By Adam Blackwell , Product Manager Lead, ProQuest

What We Talk About When We Talk About COVID-19 is a new animated video series created by ProQuest. Our objective was to help laypeople (like many of us!) understand some of the key issues relating to the novel coronavirus, or COVID-19. The five videos have a combined running time of 33 minutes, and we encourage you to share them with your faculty, patrons, students or anyone you’d like. The videos are licensed so that you can link to or embed them without notifying or requesting permission from ProQuest.

In the first four videos, we provide the basics on what viruses are, how they replicate, and why anyone should care; explain what has made the COVID-19 virus unusual and why it has proved so disruptive; and make sense of zoonosis, asymptomatic transmission, flattening the curve and all those other concepts you keep hearing about but may not totally understand.

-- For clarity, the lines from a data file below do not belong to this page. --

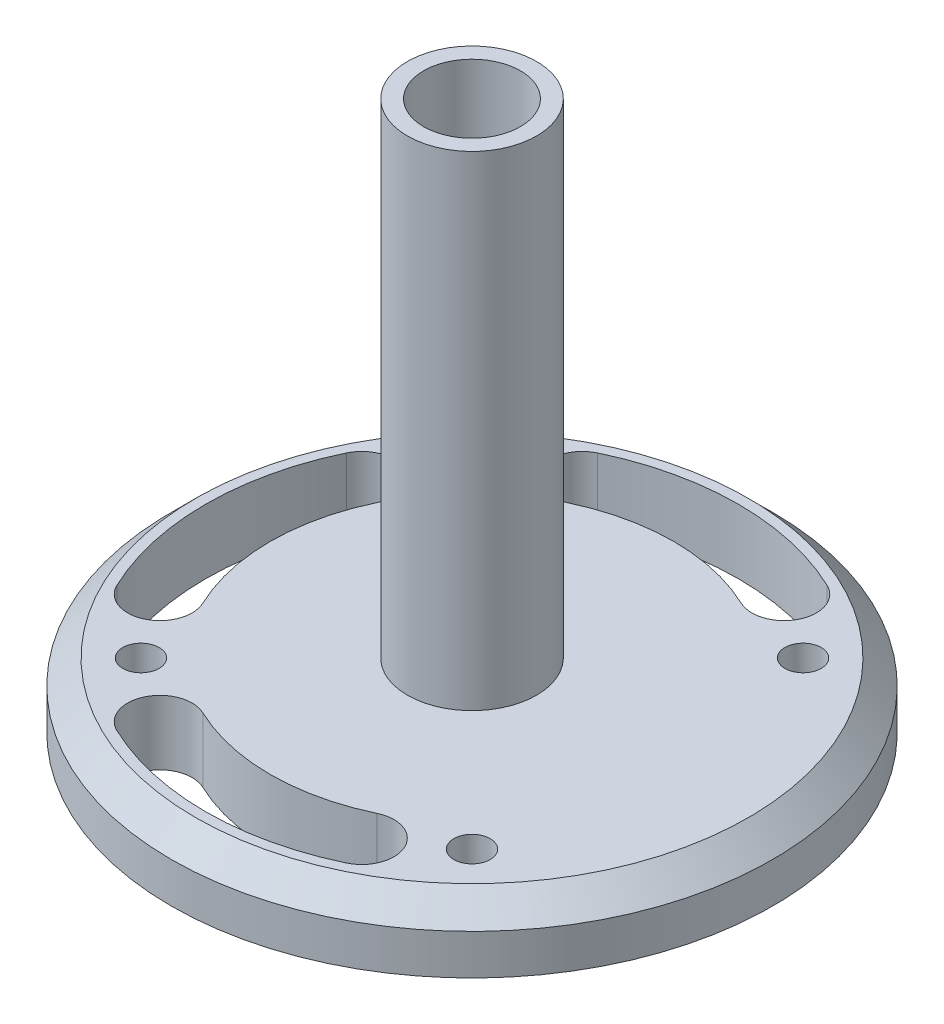
SolidWorks part; units mm, degrees
ref_plane "Front Plane" through (0, 0, 0) normal (0, 0, 1) x (1, 0, 0)
ref_plane "Top Plane" through (0, 0, 0) normal (0, 1, 0) x (1, 0, 0)
ref_plane "Right Plane" through (0, 0, 0) normal (1, 0, 0) x (0, 0, -1)
sketch "Sketch1" plane through (0, 0, 0) normal (0, 1, 0) x (1, 0, 0)
  circle A0 centre (0, 0) radius 37.25
  dimension "D1" = 74.5
extrude "Boss-Extrude1" add sketch "Sketch1" along normal blind 8
sketch "Sketch2" plane through (0, 8, 0) normal (0, 1, 0) x (1, 0, 0)
  circle A0 centre (0, 0) radius 8
  circle A1 centre (0, 0) radius 6
  dimension "D1" = 12
  dimension "D2" = 16
extrude "Boss-Extrude2" add sketch "Sketch2" along normal blind 60
chamfer "Chamfer1" distance 3 angle 45 1 edges at (0, 8, 37.25)
sketch "Sketch3" plane through (0, 8, 0) normal (0, 1, 0) x (1, 0, 0)
  circle A0 centre (0, 0) radius 6
extrude "Cut-Extrude1" cut sketch "Sketch3" against normal blind 10
sketch "Sketch4" plane through (0, 0, 0) normal (0, -1, 0) x (-1, 0, 0)
  line L0 (0, 0) -> (39.0913, 0) construction
  line L1 (26.1677, -12.5) -> (26.1677, 12.5) construction
  line L2 (26.1677, -12.5) -> (0, 0) construction
  line L3 (0, 0) -> (26.1677, 12.5) construction
  line L4 (0, 0) -> (32.6614, 32.6614) construction
  circle A0 centre (0, 0) radius 29
  arc A1 (26.1677, -12.5) -> (26.1677, 12.5) centre (0, 0) ccw
  arc A2 (26.1677, -12.5) -> (26.1677, 12.5) centre (0, 0) ccw construction
  arc A3 (29.7771, -14.2241) -> (29.7771, 14.2241) centre (0, 0) ccw
  arc A4 (22.5584, -10.7759) -> (22.5584, 10.7759) centre (0, 0) ccw
  arc A5 (22.5584, -10.7759) -> (29.7771, -14.2241) centre (26.1677, -12.5) ccw
  arc A6 (29.7771, 14.2241) -> (22.5584, 10.7759) centre (26.1677, 12.5) ccw
  arc A7 (-12.5, -26.1677) -> (12.5, -26.1677) centre (0, 0) ccw construction
  arc A8 (-14.2241, -29.7771) -> (14.2241, -29.7771) centre (0, 0) ccw
  arc A9 (-10.7759, -22.5584) -> (10.7759, -22.5584) centre (0, 0) ccw
  arc A10 (-10.7759, -22.5584) -> (-14.2241, -29.7771) centre (-12.5, -26.1677) ccw
  arc A11 (14.2241, -29.7771) -> (10.7759, -22.5584) centre (12.5, -26.1677) ccw
  arc A12 (-26.1677, 12.5) -> (-26.1677, -12.5) centre (0, 0) ccw construction
  arc A13 (-29.7771, 14.2241) -> (-29.7771, -14.2241) centre (0, 0) ccw
  arc A14 (-22.5584, 10.7759) -> (-22.5584, -10.7759) centre (0, 0) ccw
  arc A15 (-22.5584, 10.7759) -> (-29.7771, 14.2241) centre (-26.1677, 12.5) ccw
  arc A16 (-29.7771, -14.2241) -> (-22.5584, -10.7759) centre (-26.1677, -12.5) ccw
  arc A17 (12.5, 26.1677) -> (-12.5, 26.1677) centre (0, 0) ccw construction
  arc A18 (14.2241, 29.7771) -> (-14.2241, 29.7771) centre (0, 0) ccw
  arc A19 (10.7759, 22.5584) -> (-10.7759, 22.5584) centre (0, 0) ccw
  arc A20 (10.7759, 22.5584) -> (14.2241, 29.7771) centre (12.5, 26.1677) ccw
  arc A21 (-14.2241, 29.7771) -> (-10.7759, 22.5584) centre (-12.5, 26.1677) ccw
  circle A22 centre (20.5061, 20.5061) radius 2.25
  circle A23 centre (20.5061, -20.5061) radius 2.25
  circle A24 centre (-20.5061, -20.5061) radius 2.25
  circle A25 centre (-20.5061, 20.5061) radius 2.25
  point P5 (29, 0)
  point P16 (0, -29)
  point P23 (-29, 0)
  point P30 (0, 29)
  point P36 (0, 0)
  point P46 (0, 0)
  dimension "D1" = 25
  dimension "D2" = 58
  dimension "D3" = 4
  dimension "D4" = 4
  dimension "D6" = 4.5
  dimension "D5" = 45
  dimension "D7" = 4
extrude "Cut-Extrude2" cut sketch "Sketch4" against normal blind 10 contours A8 A11 A0 A10 | A0 A11 A9 A10 | A0 A6 A4 A5 | A3 A6 A0 A5 | A0 A21 A19 A20 | A18 A21 A0 A20 | A0 A23 | A0 A23 | A0 A22 | A0 A25 | A0 A25 | A0 A24 | A0 A24

In the fifth and final video, we move to providing some guidance on how you can judge the credibility of information on COVID-19. Ironically, it was this video – which deals with issues that we, as a company, think about all the time – that proved the most challenging. More than a month passed between the day I sat down to write the first draft and the day we finalized the script. Part of this delay stemmed from my working so closely with a colleague, Rachel Ligairi, who is the world’s most punishingly and unforgivingly thorough editor. But it also stemmed quite simply from the inherent difficulty of evaluating information about COVID-19.

Most of the topics ProQuest creates resources for are understood exhaustively. We may not understand all the details, but there are people out there who do. That’s not true of COVID-19. There are questions, including some hugely important ones, that literally no one on earth currently has answers to.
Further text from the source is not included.